7. Google Ogle - The hottest unsecured webcams on the Internet.

6. Googlebator - Used with Google Ogle, it's our first attempt at hardware.

5. Google Alibi - Paid service that will provide you with a credible account for your whereabouts.

4. Google Telegraph - Dash-Dot, Dash-Dash-Dash, Dash.

3. Google Gaggle - The only search engine for geese.

2. Google Invading Force - Some pesky third world country got you down? Send in the troops with Google's new troop management tool.

1. Gogoel - Search, for dyslexics.

ID: 10433

Tech

Greatest Invention

Scientists gathered three musicians together and asked them to name the greatest invention of the 20th century. The guitarist said the "wah-wah pedal" was the greatest invention.

After that, they asked the drummer and he said the "bass pedal" was the greatest invention.

Then finally, when asking the bass player, he said the "Stanley thermos" was the greatest invention.

Confused, they asked him how he figured that, and he said:

"Hot or cold how does it know, HOW DOES IT KNOW!?!?!?!"

ID: 9005

Tech

Email and Internet

An unemployed man is desperate to support his family of a wife and three kids. He applies for a janitor's job at a large firm and easily passes an aptitude test.
The human resources manager tells him, "You will be hired at minimum wage of $5.35 an hour. Let me have your e-mail address so that we can get you in the loop. Our system will automatically e-mail you all the forms and advise you when to start and where to report on your first day."

Taken back, the man protests that he is poor and has neither a computer nor an e-mail address. To this the manager replies, "You must understand that to a company like ours that means that you virtually do not exist. Without an e-mail address or internet access you can hardly expect to be employed by a high-tech firm. Good day."

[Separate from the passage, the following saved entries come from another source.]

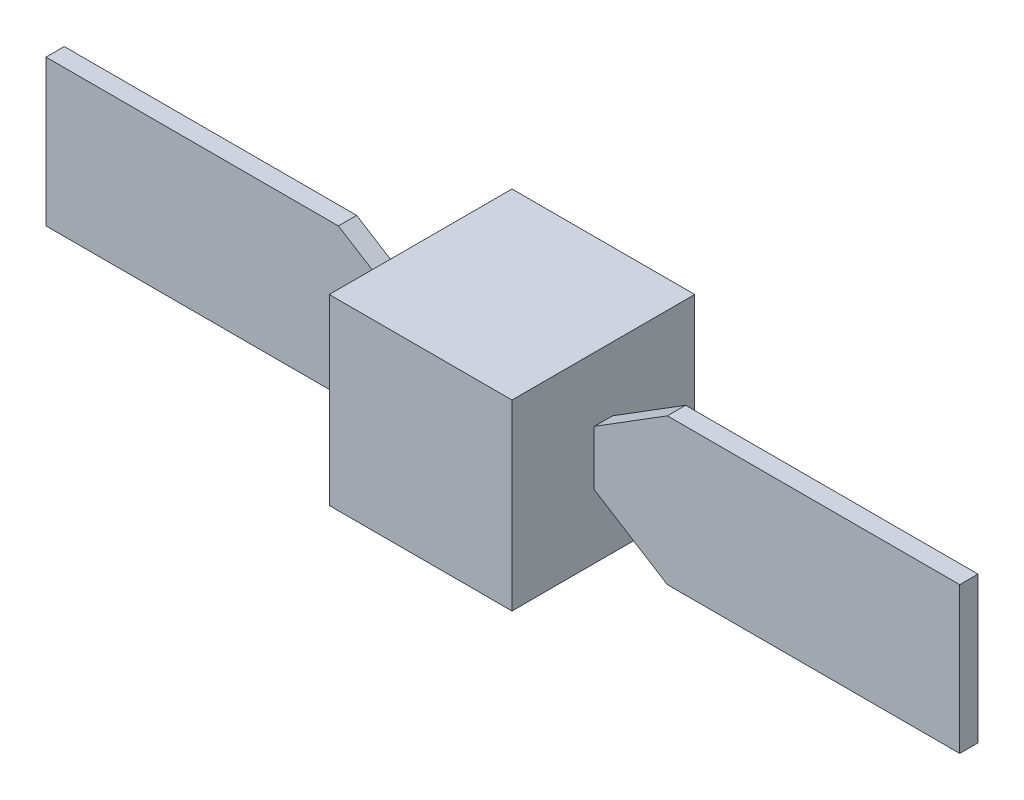
SolidWorks part; units mm, degrees
ref_plane "前视基准面" through (0, 0, 0) normal (0, 0, 1) x (1, 0, 0)
ref_plane "上视基准面" through (0, 0, 0) normal (0, 1, 0) x (1, 0, 0)
ref_plane "右视基准面" through (0, 0, 0) normal (1, 0, 0) x (0, 0, -1)
sketch "草图1" plane through (0, 0, 0) normal (0, 0, 1) x (1, 0, 0)
  line L0 (0, 0) -> (-50, 0) construction
  line L1 (0, 0) -> (50, 0) construction
  line L2 (0, 0) -> (0, 50) construction
  line L3 (0, 0) -> (0, -50) construction
  line L4 (50, 15) -> (80.9285, 15) construction
  line L5 (-50, -50) -> (50, -50)
  line L6 (-50, -50) -> (-50, 50)
  line L7 (-50, 50) -> (50, 50)
  line L8 (50, -50) -> (50, 50)
  line L9 (0, 50) -> (0, -50) construction
  line L10 (-50, 0) -> (50, 0) construction
  line L11 (50, -15) -> (80.9285, -15) construction
  line L12 (-50, -15) -> (-76.6176, -15) construction
  line L13 (-90, 40) -> (119.0856, 40) construction
  line L14 (-50, 15) -> (-81.5356, 15) construction
  line L15 (-90.015, -40) -> (118.068, -40) construction
  line L16 (90, 74.1362) -> (90, -88.2788) construction
  line L17 (-90, 72.1416) -> (-90, -88.2788) construction
  line L18 (250, 88.5304) -> (250, -117.849) construction
  line L19 (-250, 77.8749) -> (-250, -98.501) construction
  line L20 (-50, 15) -> (-90, 40)
  line L21 (-90, 40) -> (-250, 40)
  line L22 (-250, 40) -> (-250, -40)
  line L23 (-250, -40) -> (-90.015, -40)
  line L24 (-90.015, -40) -> (-50, -15)
  line L25 (-50, -15) -> (-50, 15)
  line L26 (50, 15) -> (90, 40)
  line L27 (90, 40) -> (250, 40)
  line L28 (250, 40) -> (250, -40)
  line L29 (250, -40) -> (90, -40)
  line L30 (90, -40) -> (50, -15)
  line L31 (50, -15) -> (50, 15)
  point P7 (0, 0)
  dimension "D1" = 50
  dimension "D2" = 50
  dimension "D3" = 50
  dimension "D4" = 50
  dimension "D5" = 15
  dimension "D6" = 15
  dimension "D7" = 40
  dimension "D8" = 40
  dimension "D9" = 40
  dimension "D10" = 40
  dimension "D11" = 200
  dimension "D12" = 200
extrude "凸台-拉伸1" add sketch "草图1" along normal mid plane 100 contours L5 L8 L7 L6 region at (0, 0, 0)
extrude "凸台-拉伸2" add sketch "草图1<3>" along normal mid plane 10 contours L23 L24 L6 L20 L21 L22 | L30 L29 L28 L27 L26 L8 region at (-155.7788, 0.0004, 0) region at (155.7778, 0, 0)
sketch "草图1<3>" plane through (0, 0, 0) normal (0, 0, 1) x (1, 0, 0) same geometry as "草图1"
ref_plane "基准面1" through (0, 0, -50) normal (0, 0, -1) x (-1, 0, 0)

Stunned, the man leaves. Not knowing where to turn and having $10 in his wallet, he walks past a farmers' market and sees a stand selling 25 lb. crates of beautiful red tomatoes. He buys a crate, carries it to a busy corner and displays the tomatoes. In less than two hours he sells all the tomatoes and makes 100% profit. Repeating the process several times more that day, he ends up with almost $100 and arrives home that night with several bags of groceries for his family.

During the night he decides to repeat the tomato business the next day. By the end of the week he is getting up early every day and working into the night. He multiplies his profits quickly. Early in the second week he acquires a cart to transport several boxes of tomatoes at a time, but before a month is up he sells the cart to buy a broken-down pickup truck. At the end of a year he owns three old trucks. His two sons have left their neighborhood gangs to help him with the tomato business, his wife is purchasing the tomatoes he resells, and his daughter is taking night courses at the community college so she can keep books for him.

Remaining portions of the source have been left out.